Referring to FIG. 1, the preferred embodiment of the present invention is shown as a hearing aid 10. The hearing aid 10 includes a microphone 12, variable filter 14, amplifier-transducer 16, and sensor assembly 18. The microphone 12 receives (information-containing) speech and (non-information containing) noise and responsively provides an electrical microphone signal. The microphone signal exhibits both a frequency characteristic and an amplitude characteristic. The variable filter 14 receives the microphone signal and responsively provides a filtered signal to the amplifier-transducer 16.
The variable filter 14 in the preferred embodiment is a high pass filter with a feedback control input 20. The cutoff frequency of the high pass filter varies according to the control signal received via the control input 20. The variable filter 14 supplies a highpass filtered version of the microphone signals which is the filtered signal.

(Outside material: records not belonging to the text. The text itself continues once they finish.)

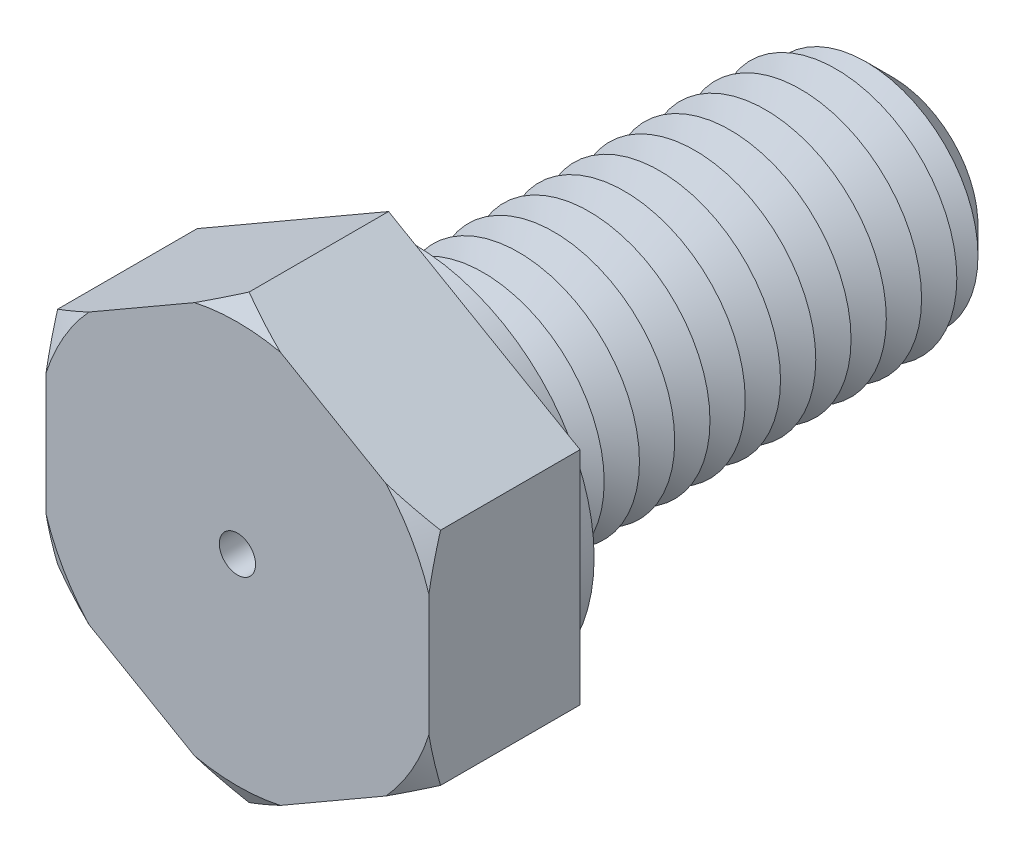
from build123d import *

# Parameters (mm, degrees)
BOSS_EXTRUDE1_DEPTH = 7.5
SKETCH3_R           = 6
BOSS_EXTRUDE2_DEPTH = 25
SKETCH4_R           = 9
BOSS_EXTRUDE3_DEPTH = 1.2
CHAMFER1_SIZE       = 1.75
LPATTERN1_COUNT     = 13
LPATTERN1_PITCH     = 1.75
SKETCH8_R           = 0.9
CUT_EXTRUDE1_DEPTH  = 32.5


with BuildPart() as part:
    # Sketch2 → Boss-Extrude1 (new body)
    with BuildSketch(Plane.XY):
        Polygon((0, 10.969655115), (-9.5, 5.484827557), (-9.5, -5.484827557), (0, -10.969655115), (9.5, -5.484827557), (9.5, 5.484827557), align=None)
    extrude(amount=BOSS_EXTRUDE1_DEPTH)

    # Sketch3 → Boss-Extrude2 (add)
    with BuildSketch(Plane(origin=(0, 0, 0), x_dir=(-1, 0, 0), z_dir=(0, 0, -1))):
        Circle(SKETCH3_R)
    extrude(amount=BOSS_EXTRUDE2_DEPTH)

    # Sketch4 → Boss-Extrude3 (add)
    with BuildSketch(Plane(origin=(0, 0, 0), x_dir=(-1, 0, 0), z_dir=(0, 0, -1))):
        with Locations(Location((0, 0, 0), (0, 0, 180))):
            Circle(SKETCH4_R)
    extrude(amount=BOSS_EXTRUDE3_DEPTH)

    # Chamfer1
    chamfer1_edges = [part.edges().sort_by_distance(p)[0] for p in [
        (6, 0, -25),
    ]]
    chamfer(chamfer1_edges, length=CHAMFER1_SIZE)

    # Sketch6 → Cut-Revolve1 (revolve, cut)
    with BuildSketch(Plane(origin=(0, 0, 0), x_dir=(0, 0, -1), z_dir=(1, 0, 0)), mode=Mode.PRIVATE) as cut_revolve1_sk:
        Polygon((1.2, 6), (2.075, 4.484455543), (2.95, 6), align=None)
    cut_revolve1 = revolve(cut_revolve1_sk.sketch.rotate(Axis((0, 0, 3.211670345), (0, 0, -1)), 90), axis=Axis((0, 0, 3.211670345), (0, 0, -1)), mode=Mode.SUBTRACT)

    # LPattern1: Cut-Revolve1 ×13
    with Locations(*[(0, 0, -i * LPATTERN1_PITCH) for i in range(1, LPATTERN1_COUNT)]):
        add(cut_revolve1, mode=Mode.SUBTRACT)

    # Sketch7 → Cut-Revolve2 (revolve, cut)
    with BuildSketch(Plane(origin=(0, 0, 0), x_dir=(0, 0, -1), z_dir=(1, 0, 0)), mode=Mode.PRIVATE) as cut_revolve2_sk:
        Polygon((-7.5, 10.969655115), (-7.5, 9.969655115), (-6.922649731, 10.969655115), align=None)
    revolve(cut_revolve2_sk.sketch.rotate(Axis((0, 0, 3.211670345), (0, 0, -1)), 270), axis=Axis((0, 0, 3.211670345), (0, 0, -1)), mode=Mode.SUBTRACT)

    # Sketch8 → Cut-Extrude1 (cut)
    with BuildSketch(Plane.XY.offset(7.5)):
        Circle(SKETCH8_R)
    extrude(amount=-CUT_EXTRUDE1_DEPTH, mode=Mode.SUBTRACT)


solid = part.part

The amplifier-transducer 16 includes a variable main amplifier 22 and a receiver 24. The main amplifier 22 receives the filtered signal and responsively provides an amplified signal, with a different, typically larger amplitude, to the receiver 24. The receiver 24 receives the amplified signal from the main amplifier 22 and produces an audible sound for the hearing aid user. The amplification of the main amplifier 22 may be adjusted to vary the volume of the sound produced by the hearing aid 10.
The sensor assembly 18 includes a threshold control 25, band pass filter 26, level detector 30, and smoothing circuitry 32. The threshold control 25 allows adjustment of the level below which the sensor assembly 18 will not respond. The band pass filter 26 receives the filtered signal and produces as its output that portion of any filtered signal that has particular characteristics.
In the preferred embodiment, the band pass filter 26 has a center frequency of approximately 250 hertz. Components of the filtered signal in the frequency band around 250 hertz are transmitted to the level detector 30. These components are referred to, for convenience, as the bandpass signal.
The level detector 30 senses whether any portion of the band pass signal from the band pass filter 26 exceeds a particular predetermined amplitude level. If so, the level detector 30 provides an activating signal to the smoothing circuitry 32. The smoothing circuitry 32, in turn, provides a feedback signal to the control input 20 of the variable filter. The feedback signal is dependent upon the recent past history of the filtered signal that the sensor assembly 18 has detected.
Generally, hearing aid users prefer that information-containing sounds, such as speech, be amplified by a hearing aid more than ambient noise. Such ambient noise might include, for example, "babble": the cumulative effect that one encounters when one enters a large room filled with people all talking at once. Although babble is comprised of different voice sounds, the overall effect of all the voices talking at once is to produce noise. If such noise is amplified by the same amount as the sound of a person's voice who is standing adjacent to and talking with the hearing aid user, the hearing aid user may have difficulty distinguishing between the noise (the accumulated sounds of all voices talking at once) and the particular voice that the hearing user wishes to understand.
It has been noted that the reduction of the low frequency response of a hearing aid in such a situation improves the intelligibility of the signal ultimately produced for the hearing aid user. In the preferred embodiment, desired speech signals contaminated with the drone of such babble may be amplified with reduced low frequency response compared to microphone signals associated with noise-free speech.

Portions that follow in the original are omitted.